Vedomosti: "Benefits for business"

Vedomosti: "Benefits for business"

Dmitry Kazmin, Filipp Sterkin
The Government has launched an "anticyclical policy"
Prime Minister Vladimir Putin demanded that, starting in 2009, profit taxes be cut to 20% for everyone and to 5% for small businesses, and that depreciation premiums be tripled.
Russian business has at last received wide-ranging tax cuts. The measures were announced at yesterday's United Russia convention by the party's leader, Prime Minister Putin, and will come into effect from 2009.
State Duma Speaker Boris Gryzlov promised that the parliament's lower house will today approve amendments to the Tax Code in second and third readings. Yesterday, the Budget Committee held an emergency meeting, adding all of Mr Putin's proposals to the list of amendments approved in first reading, said Alexander Kogan, the committee's deputy chairman.
This is a crisis quick-response plan; proposals to improve the tax system will be ready by April, said Deputy Economic Development Minister Stanislav Voskresensky.
PROFIT TAX
The most significant of Mr Putin's announced steps is to cut profit tax from 24% to 20% at the expense of its federal part. The federal budget will get only 2.5% (now 6.5%) of company profits, while the regions will be allowed to cut the tax by a further four percentage points. Finance Minister Alexei Kudrin estimated budget losses at 400 billion roubles. This is the top limit, Voskresensky believes: missing profits will be less.
The cut in profit tax is the most stimulating measure, said Alexandra Suslina from the Economic Expert Group: the budget will lose 0.8% of GDP (412 billion roubles) in 2009.
The largest contributor of profit tax to the federal budget is the fuel and energy sector, accounting for 24% of budget revenues. As calculated by Valery Mironov from the Development Centre, the manufacturing industry is next with 19%, 9% of which is provided by the metals industry. They are followed by real estate business (12.5%) and trade (11.6%). As estimated by Ms Suslina, the cut will reduce the tax burden on the oil sector from 66% (2007) to 64%; on the gas sector, by one percentage point, or to 33%; and on the non-oil and gas sector, by one percentage point, or to 28.3%.
With loans becoming difficult to obtain, the additional 4% of profit will help the company to steady its finances, said Gennady Krasovsky, a LUKoil spokesman.
However, many will be unable to end the year with a profit, said the chief accountant of a metals plant, so the measure will come handy in the future.
Dmitry Shmelev, commercial director of Snegiri Development, says, "This is the right step, but not enough." Developers are looking for an abolition of VAT on shared construction contracts.
SMALL BUSINESS
To help out small businesses, Mr Putin proposed that regional authorities be allowed to cut simplified profit tax by 10 percentage points, down to 5%. The current rate is 15% (turnover tax is 6%).

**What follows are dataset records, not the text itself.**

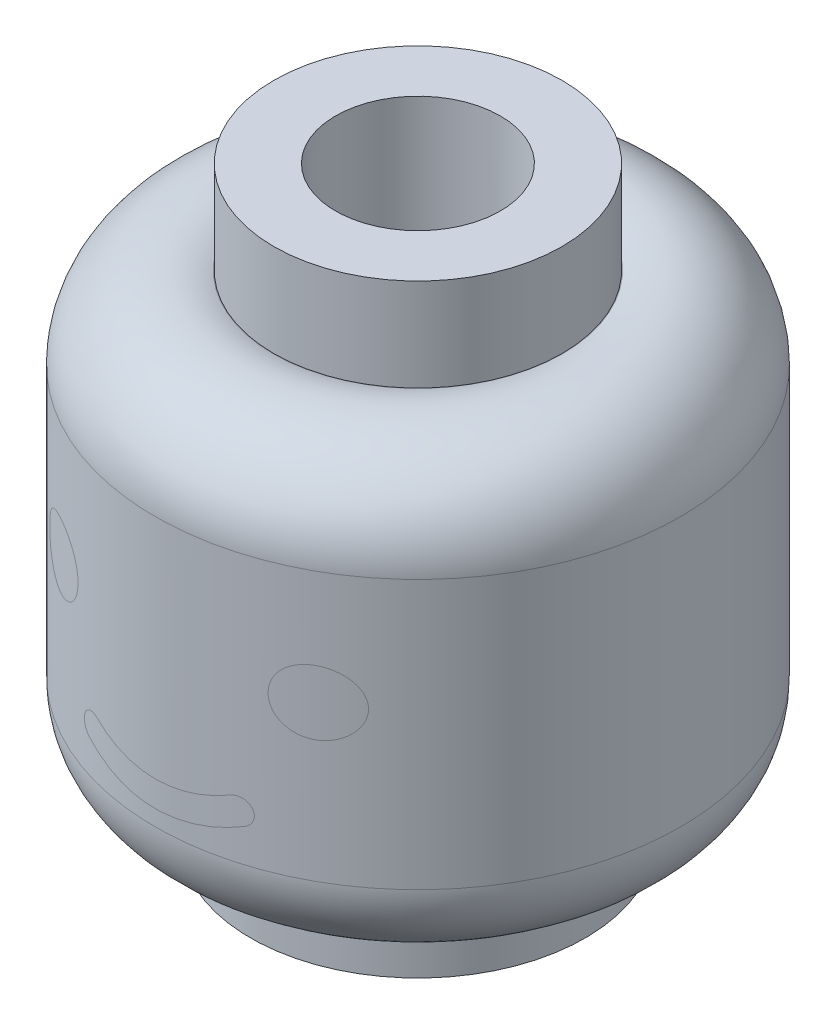
ISO-10303-21;
HEADER;
FILE_DESCRIPTION(('STEP AP214'),'2;1');
FILE_NAME('part.step','',(''),(''),'','','');
FILE_SCHEMA(('AUTOMOTIVE_DESIGN { 1 0 10303 214 1 1 1 1 }'));
ENDSEC;
DATA;
#1=APPLICATION_CONTEXT('core data for automotive mechanical design processes');
#2=APPLICATION_PROTOCOL_DEFINITION('international standard','automotive_design',2000,#1);
#3=PRODUCT_CONTEXT('',#1,'mechanical');
#4=PRODUCT('Part','Part','',(#3));
#5=PRODUCT_RELATED_PRODUCT_CATEGORY('part','',(#4));
#6=PRODUCT_DEFINITION_FORMATION('','',#4);
#7=PRODUCT_DEFINITION_CONTEXT('part definition',#1,'design');
#8=PRODUCT_DEFINITION('design','',#6,#7);
#9=PRODUCT_DEFINITION_SHAPE('','',#8);
#10=(LENGTH_UNIT() NAMED_UNIT(*) SI_UNIT(.MILLI.,.METRE.));
#11=(NAMED_UNIT(*) PLANE_ANGLE_UNIT() SI_UNIT($,.RADIAN.));
#12=(NAMED_UNIT(*) SI_UNIT($,.STERADIAN.) SOLID_ANGLE_UNIT());
#13=UNCERTAINTY_MEASURE_WITH_UNIT(LENGTH_MEASURE(1.E-05),#10,'distance_accuracy_value','');
#14=(GEOMETRIC_REPRESENTATION_CONTEXT(3) GLOBAL_UNCERTAINTY_ASSIGNED_CONTEXT((#13)) GLOBAL_UNIT_ASSIGNED_CONTEXT((#10,
#11,#12)) REPRESENTATION_CONTEXT('',''));
#15=CARTESIAN_POINT('',(0.,0.,0.));
#16=DIRECTION('',(0.,0.,1.));
#17=DIRECTION('',(1.,0.,0.));
#18=AXIS2_PLACEMENT_3D('',#15,#16,#17);
#19=CARTESIAN_POINT('',(0.,0.,0.));
#20=DIRECTION('',(0.,-1.,0.));
#21=DIRECTION('',(0.,0.,-1.));
#22=AXIS2_PLACEMENT_3D('',#19,#20,#21);
#23=CYLINDRICAL_SURFACE('',#22,5.1);
#24=CARTESIAN_POINT('',(1.29230769230769,4.25408109515948,4.93355255656635));
#25=CARTESIAN_POINT('',(1.22588861700081,4.22237068909749,4.95095914365787));
#26=CARTESIAN_POINT('',(1.15805426576758,4.1929999096417,4.96728590296533));
#27=CARTESIAN_POINT('',(1.01989445783117,4.1391801628546,4.99747898840957));
#28=CARTESIAN_POINT('',(0.949567849979218,4.11473350570831,5.01134415931557));
#29=CARTESIAN_POINT('',(0.806946973475218,4.07107180776308,5.03627524479221));
#30=CARTESIAN_POINT('',(0.734656246731726,4.05184795870389,5.04734587009735));
#31=CARTESIAN_POINT('',(0.588491034726496,4.01879837466652,5.06647048512419));
#32=CARTESIAN_POINT('',(0.514616830545434,4.00497168988103,5.07452500561787));
#33=CARTESIAN_POINT('',(0.290786918112003,3.97178825895375,5.09390065599043));
#34=CARTESIAN_POINT('',(0.139033730680463,3.9608543562066,5.10036060400772));
#35=CARTESIAN_POINT('',(-0.164334920099964,3.96213387289276,5.09960801603805));
#36=CARTESIAN_POINT('',(-0.315950389038478,3.97434630664532,5.09239606226549));
#37=CARTESIAN_POINT('',(-0.537331849244907,4.00906894357773,5.07213847664396));
#38=CARTESIAN_POINT('',(-0.609022976641743,4.02303209599416,5.064012679066));
#39=CARTESIAN_POINT('',(-0.750868622750052,4.05604320319779,5.04492865198251));
#40=CARTESIAN_POINT('',(-0.821022933784499,4.075091840679,5.03397004219623));
#41=CARTESIAN_POINT('',(-0.95943805765761,4.11809970831678,5.0094336969898));
#42=CARTESIAN_POINT('',(-1.02769609882792,4.14206573706987,4.99585233700146));
#43=CARTESIAN_POINT('',(-1.16184995911024,4.194646087782,4.96637071044));
#44=CARTESIAN_POINT('',(-1.22774673756994,4.22325849523477,4.95047139923637));
#45=CARTESIAN_POINT('',(-1.2923076923077,4.25408109515948,4.93355255656635));
#46=B_SPLINE_CURVE_WITH_KNOTS('',3,(#24,#25,#26,#27,#28,#29,#30,#31,#32,#33,#34,#35,#36,#37,#38,
#39,#40,#41,#42,#43,#44,#45),.UNSPECIFIED.,.F.,.F.,(4,2,2,2,2,2,2,2,2,2,4),(0.,
0.226855024268325,0.453816232457577,0.680392260630388,0.906928397356249,1.36128855000063,
1.81562935426994,2.03589216856599,2.2561845666244,2.4767836099487,2.697291986622),.UNSPECIFIED.);
#47=CARTESIAN_POINT('',(1.29230769230769,4.25408109515948,4.93355255656635));
#48=VERTEX_POINT('',#47);
#49=CARTESIAN_POINT('',(-1.29230769230769,4.25408109515948,4.93355255656635));
#50=VERTEX_POINT('',#49);
#51=EDGE_CURVE('E419',#48,#50,#46,.T.);
#52=ORIENTED_EDGE('',*,*,#51,.T.);
#53=CARTESIAN_POINT('',(-1.29230769230769,4.25408109515948,4.93355255656635));
#54=CARTESIAN_POINT('',(-1.30547581043881,4.26037822039603,4.93010579071235));
#55=CARTESIAN_POINT('',(-1.31915183921914,4.26547916200426,4.92646474923008));
#56=CARTESIAN_POINT('',(-1.34708624675953,4.27322759793367,4.9188983466482));
#57=CARTESIAN_POINT('',(-1.36134377179107,4.27587856278306,4.91497339625197));
#58=CARTESIAN_POINT('',(-1.39004433472992,4.27868384257217,4.90693392801757));
#59=CARTESIAN_POINT('',(-1.40448733222062,4.27883869250592,4.90281945099037));
#60=CARTESIAN_POINT('',(-1.43316537111265,4.27667269834466,4.89451320311304));
#61=CARTESIAN_POINT('',(-1.44740038106183,4.27435148366453,4.89032142078514));
#62=CARTESIAN_POINT('',(-1.47549454384824,4.26724127216415,4.88191912657831));
#63=CARTESIAN_POINT('',(-1.48934426446598,4.26241403793814,4.8777093569631));
#64=CARTESIAN_POINT('',(-1.51603731604597,4.25038813605253,4.86947903536574));
#65=CARTESIAN_POINT('',(-1.5288805409073,4.24318921879435,4.86545850335008));
#66=CARTESIAN_POINT('',(-1.55310868426944,4.22663667458158,4.85777873628787));
#67=CARTESIAN_POINT('',(-1.56450118210341,4.21729502671173,4.85411764845266));
#68=CARTESIAN_POINT('',(-1.5855404736624,4.19666669181486,4.84728624825094));
#69=CARTESIAN_POINT('',(-1.59518767499856,4.18538046014749,4.84411582131643));
#70=CARTESIAN_POINT('',(-1.61207593416043,4.16161385174445,4.83852122803878));
#71=CARTESIAN_POINT('',(-1.61939231837841,4.14919251889022,4.83607393971924));
#72=CARTESIAN_POINT('',(-1.63181270066259,4.1231777719944,4.83189719824589));
#73=CARTESIAN_POINT('',(-1.63691744863301,4.10958475711482,4.83016750178512));
#74=CARTESIAN_POINT('',(-1.64450910384696,4.08236124072317,4.8275879214484));
#75=CARTESIAN_POINT('',(-1.64711633024776,4.06876806537991,4.82669763698213));
#76=CARTESIAN_POINT('',(-1.65005099029977,4.04131055478364,4.82569520940822));
#77=CARTESIAN_POINT('',(-1.65037895663455,4.02744628364777,4.82558288448446));
#78=CARTESIAN_POINT('',(-1.64877055251492,4.00033056384696,4.82613263793194));
#79=CARTESIAN_POINT('',(-1.64690908206269,3.98707406298683,4.82676910067593));
#80=CARTESIAN_POINT('',(-1.64111461427287,3.96107806512553,4.82874228779956));
#81=CARTESIAN_POINT('',(-1.63718173609501,3.94833853843033,4.83007897189828));
#82=CARTESIAN_POINT('',(-1.62735714430615,3.92365034868767,4.83339793329887));
#83=CARTESIAN_POINT('',(-1.62145500029158,3.91170631198636,4.8353836470812));
#84=CARTESIAN_POINT('',(-1.60788974919105,3.88897672565596,4.83991130908473));
#85=CARTESIAN_POINT('',(-1.60022584652041,3.87819170265952,4.84245350858198));
#86=CARTESIAN_POINT('',(-1.5830338897801,3.8576284661279,4.84810156183211));
#87=CARTESIAN_POINT('',(-1.57344402263644,3.84790705103213,4.85122575286047));
#88=CARTESIAN_POINT('',(-1.55289999584501,3.83021069443434,4.85784078726189));
#89=CARTESIAN_POINT('',(-1.54194736011672,3.82223382913897,4.86133122041112));
#90=CARTESIAN_POINT('',(-1.52307834801866,3.81068789177738,4.86726756952062));
#91=CARTESIAN_POINT('',(-1.51547539128563,3.80656227496335,4.86964108354754));
#92=CARTESIAN_POINT('',(-1.50769230769231,3.80285003743448,4.87204925111861));
#93=B_SPLINE_CURVE_WITH_KNOTS('',3,(#53,#54,#55,#56,#57,#58,#59,#60,#61,#62,#63,#64,#65,#66,#67,
#68,#69,#70,#71,#72,#73,#74,#75,#76,#77,#78,#79,#80,#81,#82,#83,#84,#85,#86,#87,#88,#89,#90,#91,
#92),.UNSPECIFIED.,.F.,.F.,(4,2,2,2,2,2,2,2,2,2,2,2,2,2,2,2,2,2,2,4),(0.,0.0449214831244463,
0.0897792344966947,0.134627371348438,0.179482221427759,0.225042517255217,0.270607609431843,
0.31592392113096,0.361229635578571,0.404872239555663,0.448500033938543,0.489901006361838,
0.5312923026801,0.571307829525004,0.611321054689821,0.651549670089935,0.691796487962446,
0.733637428926001,0.77543199471816,0.802293138858672),.UNSPECIFIED.);
#94=CARTESIAN_POINT('',(-1.50769230769231,3.80285003743448,4.87204925111861));
#95=VERTEX_POINT('',#94);
#96=EDGE_CURVE('E11',#50,#95,#93,.T.);
#97=ORIENTED_EDGE('',*,*,#96,.T.);
#98=CARTESIAN_POINT('',(-1.50769230769231,3.80285003743448,4.87204925111861));
#99=CARTESIAN_POINT('',(-1.43370919433084,3.76752766724665,4.89495407410749));
#100=CARTESIAN_POINT('',(-1.35811386347073,3.73464407510017,4.91649100065942));
#101=CARTESIAN_POINT('',(-1.2040363960122,3.67404595251743,4.95647137250403));
#102=CARTESIAN_POINT('',(-1.12555260718714,3.6463344373561,4.97491301264523));
#103=CARTESIAN_POINT('',(-0.966045149993209,3.59638945852869,5.00833389598757));
#104=CARTESIAN_POINT('',(-0.885019083900304,3.57416135292011,5.02330975175607));
#105=CARTESIAN_POINT('',(-0.721007429883763,3.53550127383854,5.04945942252728));
#106=CARTESIAN_POINT('',(-0.638022244406144,3.51906812082097,5.06063401124969));
#107=CARTESIAN_POINT('',(-0.470341938526448,3.49217167910401,5.0789679987167));
#108=CARTESIAN_POINT('',(-0.38564180037211,3.48172975417409,5.08611302716088));
#109=CARTESIAN_POINT('',(-0.215422701344382,3.46705848094945,5.09616183980381));
#110=CARTESIAN_POINT('',(-0.129903451362183,3.46283141415117,5.09906406645278));
#111=CARTESIAN_POINT('',(0.0411401584996869,3.46066626991437,5.10054970587997));
#112=CARTESIAN_POINT('',(0.126664351466687,3.46271960021197,5.09913901919221));
#113=CARTESIAN_POINT('',(0.297167137913866,3.47305800122003,5.09205163156697));
#114=CARTESIAN_POINT('',(0.38214553075717,3.48134524455799,5.08637344333132));
#115=CARTESIAN_POINT('',(0.627524327727556,3.51436243666345,5.06381849287626));
#116=CARTESIAN_POINT('',(0.786420138809055,3.54718851571326,5.04145572327317));
#117=CARTESIAN_POINT('',(1.09567577625644,3.63351269308262,4.98339913410561));
#118=CARTESIAN_POINT('',(1.24604317690775,3.68699210821585,4.94771736399732));
#119=CARTESIAN_POINT('',(1.43015590623536,3.76670416396321,4.8955445408912));
#120=CARTESIAN_POINT('',(1.46914933543684,3.78444879185921,4.88398074723492));
#121=CARTESIAN_POINT('',(1.50769230769231,3.80285003743448,4.87204925111861));
#122=B_SPLINE_CURVE_WITH_KNOTS('',3,(#98,#99,#100,#101,#102,#103,#104,#105,#106,#107,#108,#109,
#110,#111,#112,#113,#114,#115,#116,#117,#118,#119,#120,#121),.UNSPECIFIED.,.F.,.F.,(4,2,2,2,2,2,
2,2,2,2,2,4),(0.,0.255337881999677,0.510824161884533,0.766559107420016,1.02224196881486,
1.27883097745243,1.53551415732444,1.79184632393748,2.04826786819921,2.53727993089788,
3.02585066134497,3.1589308623366),.UNSPECIFIED.);
#123=CARTESIAN_POINT('',(1.50769230769231,3.80285003743448,4.87204925111861));
#124=VERTEX_POINT('',#123);
#125=EDGE_CURVE('E57',#95,#124,#122,.T.);
#126=ORIENTED_EDGE('',*,*,#125,.T.);
#127=CARTESIAN_POINT('',(1.50769230769231,3.80285003743448,4.87204925111861));
#128=CARTESIAN_POINT('',(1.52043967292614,3.80892389207107,4.8681058314694));
#129=CARTESIAN_POINT('',(1.53269286417562,3.81610883748213,4.8642577897413));
#130=CARTESIAN_POINT('',(1.55589250859926,3.83251055230162,4.85688619617928));
#131=CARTESIAN_POINT('',(1.56683698219197,3.84173034116596,4.85336313771352));
#132=CARTESIAN_POINT('',(1.58707582301318,3.86200717943883,4.84678294474081));
#133=CARTESIAN_POINT('',(1.59636769813775,3.87306695573448,4.84372651487204));
#134=CARTESIAN_POINT('',(1.61295657674623,3.89671676085328,4.83822771457206));
#135=CARTESIAN_POINT('',(1.62025545628484,3.90930533433959,4.83578476683059));
#136=CARTESIAN_POINT('',(1.63236860273475,3.93518349165622,4.83170905341994));
#137=CARTESIAN_POINT('',(1.63726298223319,3.94843142096439,4.83005024650083));
#138=CARTESIAN_POINT('',(1.6447606581698,3.97563432824058,4.82750228114942));
#139=CARTESIAN_POINT('',(1.64736403867611,3.98958928024455,4.82661309447597));
#140=CARTESIAN_POINT('',(1.65010793974114,4.017121949213,4.8256756786411));
#141=CARTESIAN_POINT('',(1.65035529915925,4.03068787252163,4.82559096925891));
#142=CARTESIAN_POINT('',(1.64865652144264,4.0576630456147,4.82617161631263));
#143=CARTESIAN_POINT('',(1.64671082263277,4.07107232616607,4.82683682286343));
#144=CARTESIAN_POINT('',(1.64074370899042,4.09716071392666,4.82886836678685));
#145=CARTESIAN_POINT('',(1.63675224919799,4.10984750007835,4.83022458439052));
#146=CARTESIAN_POINT('',(1.62685101576418,4.13435886507319,4.83356834226028));
#147=CARTESIAN_POINT('',(1.62094102115567,4.146183344408,4.83555595524672));
#148=CARTESIAN_POINT('',(1.60722465311738,4.16896138773502,4.8401324647687));
#149=CARTESIAN_POINT('',(1.59937464601847,4.17988586344237,4.84273512540892));
#150=CARTESIAN_POINT('',(1.58210220160994,4.20027183793719,4.84840541985248));
#151=CARTESIAN_POINT('',(1.57267943112406,4.20973302591995,4.85147315216454));
#152=CARTESIAN_POINT('',(1.55204167920406,4.22740410116025,4.85811583063157));
#153=CARTESIAN_POINT('',(1.54076259669134,4.23553264856702,4.86170800342955));
#154=CARTESIAN_POINT('',(1.51708078753349,4.24978708010406,4.86914981269255));
#155=CARTESIAN_POINT('',(1.50467785384334,4.25591259425731,4.87299949656403));
#156=CARTESIAN_POINT('',(1.47850882396093,4.26625288715066,4.88100468466191));
#157=CARTESIAN_POINT('',(1.46470682808761,4.2703723350471,4.88516619984672));
#158=CARTESIAN_POINT('',(1.4365999887401,4.27618817667935,4.89350542540881));
#159=CARTESIAN_POINT('',(1.42229491773682,4.27788345919789,4.89768314233359));
#160=CARTESIAN_POINT('',(1.39329369908337,4.2788046912398,4.90601314199094));
#161=CARTESIAN_POINT('',(1.37859536944953,4.27798177578482,4.91016333509879));
#162=CARTESIAN_POINT('',(1.34952943734206,4.2737563481854,4.91823099172259));
#163=CARTESIAN_POINT('',(1.33516133924489,4.27035800273855,4.92214882014501));
#164=CARTESIAN_POINT('',(1.31133726767922,4.26244677526675,4.92853951469861));
#165=CARTESIAN_POINT('',(1.30169035471946,4.25856516454122,4.93109580905959));
#166=CARTESIAN_POINT('',(1.29230769230769,4.25408109515948,4.93355255656635));
#167=B_SPLINE_CURVE_WITH_KNOTS('',3,(#127,#128,#129,#130,#131,#132,#133,#134,#135,#136,#137,
#138,#139,#140,#141,#142,#143,#144,#145,#146,#147,#148,#149,#150,#151,#152,#153,#154,#155,#156,
#157,#158,#159,#160,#161,#162,#163,#164,#165,#166),.UNSPECIFIED.,.F.,.F.,(4,2,2,2,2,2,2,2,2,2,2,
2,2,2,2,2,2,2,2,4),(0.,0.04394169445748,0.0879490366681004,0.132022189043521,0.176053710146528,
0.21849726659161,0.260939265506971,0.301446942698854,0.341946525088201,0.381869349720327,
0.42179677409338,0.462720337939842,0.503652582116524,0.546539685540569,0.589434706102915,
0.634206586345367,0.67899898307402,0.724666039085702,0.770259369283766,0.802304361634527),.UNSPECIFIED.);
#168=EDGE_CURVE('E425',#124,#48,#167,.T.);
#169=ORIENTED_EDGE('',*,*,#168,.T.);
#170=EDGE_LOOP('',(#52,#97,#126,#169));
#171=FACE_BOUND('',#170,.T.);
#172=ADVANCED_FACE('F42',(#171),#23,.T.);
#173=CARTESIAN_POINT('',(3.095,6.16146744150947,4.0535139077102));
#174=CARTESIAN_POINT('',(3.09499860193585,6.19172799450688,4.05351520990944));
#175=CARTESIAN_POINT('',(3.09278766178486,6.22199988996722,4.05520602983803));
#176=CARTESIAN_POINT('',(3.08409267226761,6.28156456534221,4.0618223283753));
#177=CARTESIAN_POINT('',(3.07760525295517,6.31085655392842,4.06675035795551));
#178=CARTESIAN_POINT('',(3.06080334550029,6.36748914449043,4.07941069466848));
#179=CARTESIAN_POINT('',(3.05050880681332,6.39483904800461,4.08712837921838));
#180=CARTESIAN_POINT('',(3.02659584988562,6.44722298734285,4.10486765296008));
#181=CARTESIAN_POINT('',(3.01297657074637,6.47225642102801,4.11488983883357));
#182=CARTESIAN_POINT('',(2.98163294767719,6.5217258246024,4.13766486035557));
#183=CARTESIAN_POINT('',(2.96365703173191,6.54592730015925,4.15057798734039));
#184=CARTESIAN_POINT('',(2.92495832811053,6.59102779149593,4.17793983665437));
#185=CARTESIAN_POINT('',(2.9042342616573,6.61192525986055,4.19238927323921));
#186=CARTESIAN_POINT('',(2.85620082544248,6.65409979122303,4.22529532660076));
#187=CARTESIAN_POINT('',(2.82839881449989,6.67463872406835,4.24398018116912));
#188=CARTESIAN_POINT('',(2.77022658703614,6.71070501737419,4.28217918969877));
#189=CARTESIAN_POINT('',(2.739854509567,6.72622870649971,4.30169393940038));
#190=CARTESIAN_POINT('',(2.67243169046927,6.75406153257456,4.34395165708201));
#191=CARTESIAN_POINT('',(2.63506267930364,6.76553869173234,4.3667396050707));
#192=CARTESIAN_POINT('',(2.55862354696581,6.78138283301316,4.41196322532));
#193=CARTESIAN_POINT('',(2.51955276207472,6.7857470150001,4.43439875540534));
#194=CARTESIAN_POINT('',(2.4392707814489,6.78704692905129,4.47907820666036));
#195=CARTESIAN_POINT('',(2.3980335025884,6.78370581943564,4.50128527055906));
#196=CARTESIAN_POINT('',(2.31616559816084,6.76866550209722,4.54395252845122));
#197=CARTESIAN_POINT('',(2.27553473276848,6.75696969300245,4.564413428983));
#198=CARTESIAN_POINT('',(2.19940954765823,6.72623792076884,4.60154988307877));
#199=CARTESIAN_POINT('',(2.16375676573105,6.70779993076919,4.61839271449916));
#200=CARTESIAN_POINT('',(2.09592297204455,6.66378377215512,4.6495697657722));
#201=CARTESIAN_POINT('',(2.06373906836366,6.63821161596357,4.66390608154946));
#202=CARTESIAN_POINT('',(2.00782280643255,6.58379872883863,4.68822715267566));
#203=CARTESIAN_POINT('',(1.98354629633834,6.55565452025639,4.6985206527866));
#204=CARTESIAN_POINT('',(1.94010086196038,6.49496635574877,4.71662634450064));
#205=CARTESIAN_POINT('',(1.9209288069266,6.46242511523586,4.72444005761565));
#206=CARTESIAN_POINT('',(1.89009195435159,6.39708899556223,4.73685599133932));
#207=CARTESIAN_POINT('',(1.87790556056775,6.36458239684479,4.74168450559473));
#208=CARTESIAN_POINT('',(1.85905654473972,6.29776348306021,4.74910651657552));
#209=CARTESIAN_POINT('',(1.85239206114323,6.26345178068347,4.75170076653013));
#210=CARTESIAN_POINT('',(1.84506116193845,6.19579265069876,4.75455189833201));
#211=CARTESIAN_POINT('',(1.84411930354593,6.16247925962172,4.75491612322934));
#212=CARTESIAN_POINT('',(1.8475348885831,6.09616920119354,4.75359003329659));
#213=CARTESIAN_POINT('',(1.8518916575595,6.06317249407103,4.75189997995212));
#214=CARTESIAN_POINT('',(1.86564259871342,5.99884542527523,4.74651773484516));
#215=CARTESIAN_POINT('',(1.87497451161927,5.96749961958088,4.74285028209161));
#216=CARTESIAN_POINT('',(1.89827394433829,5.90689225046587,4.73357288763884));
#217=CARTESIAN_POINT('',(1.9122416015323,5.87763074884502,4.7279628883718));
#218=CARTESIAN_POINT('',(1.94459925360048,5.82139176737223,4.7147474575013));
#219=CARTESIAN_POINT('',(1.96306837257127,5.79446837131119,4.70710607285697));
#220=CARTESIAN_POINT('',(2.00360948770874,5.7441553409494,4.68999277485843));
#221=CARTESIAN_POINT('',(2.02568209851579,5.72076631081119,4.68052054917055));
#222=CARTESIAN_POINT('',(2.07388815582137,5.67686838639518,4.65936838278014));
#223=CARTESIAN_POINT('',(2.10017090727434,5.65656609221363,4.64760075102104));
#224=CARTESIAN_POINT('',(2.15503335901651,5.62063708341674,4.62241740714542));
#225=CARTESIAN_POINT('',(2.18361376667129,5.60501181573625,4.60900118681087));
#226=CARTESIAN_POINT('',(2.24467717791531,5.57745786741589,4.57959207992872));
#227=CARTESIAN_POINT('',(2.27728747840728,5.56594159319007,4.56347787002957));
#228=CARTESIAN_POINT('',(2.3433079341888,5.54848978927312,4.52993172346121));
#229=CARTESIAN_POINT('',(2.37671842702197,5.54255665879281,4.51249922376442));
#230=CARTESIAN_POINT('',(2.44701857025755,5.5357919294469,4.47480161963922));
#231=CARTESIAN_POINT('',(2.48390866670006,5.53555509630338,4.45443047845522));
#232=CARTESIAN_POINT('',(2.55678538677833,5.54144210411704,4.41300452057061));
#233=CARTESIAN_POINT('',(2.59277162760133,5.54756859513224,4.39194942256952));
#234=CARTESIAN_POINT('',(2.6662715936861,5.56676280365719,4.34775754752757));
#235=CARTESIAN_POINT('',(2.70362575043334,5.58041209711564,4.32460589287634));
#236=CARTESIAN_POINT('',(2.77542179929066,5.61472504631483,4.27888397771699));
#237=CARTESIAN_POINT('',(2.80986077083904,5.63539563478928,4.25631431564991));
#238=CARTESIAN_POINT('',(2.87521235954335,5.68386282949409,4.21244850739158));
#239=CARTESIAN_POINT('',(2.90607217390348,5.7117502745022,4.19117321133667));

As calculated by the Finance Ministry, the new tax can be paid by companies whose earnings in 2009 will not be higher than 26.8 million roubles.
Simplified profit tax is a better option for firms with a fairly large turnover and a low margin of profit, such as traders, said Sergei Shapovalov, general director of Nalogovaya Pomoshch (Tax Aid). "We asked for simplified profit tax to be automatically cut for all regions," said Sergei Borisov, president of Opora. Now that everything is under local control, Borisov fears that not all local authorities will agree to give up such revenue (simplified profit tax is paid into the local budget). He also said that it was not clear which industries could profit from a lower tax. In his view, these could be innovatory and manufacturing businesses.
FASTER DEPRECIATION
The depreciation premium will be increased to 30% from the current 10%, Mr Putin said. The measure will help reduce taxable profit by 30% on fixed assets acquired in 2009 (for 3rd-7th depreciation groups). It will encourage companies to invest in new plants even during crisis time, said Mironov. Previously, the measure was scheduled for 2010, but metals producers asked in October for the date to be advanced.
The step will cost the budget 0.16% of the GDP (83 billion roubles, according to the current forecast), the Economic Development Ministry calculated. Mr Kudrin's estimate is almost twice that. This, however, will affect mainly big companies, which have a schedule for the introduction of new equipment, said the chief accountant of the metals plant; average-sized companies are unlikely to renew their assets in 2009.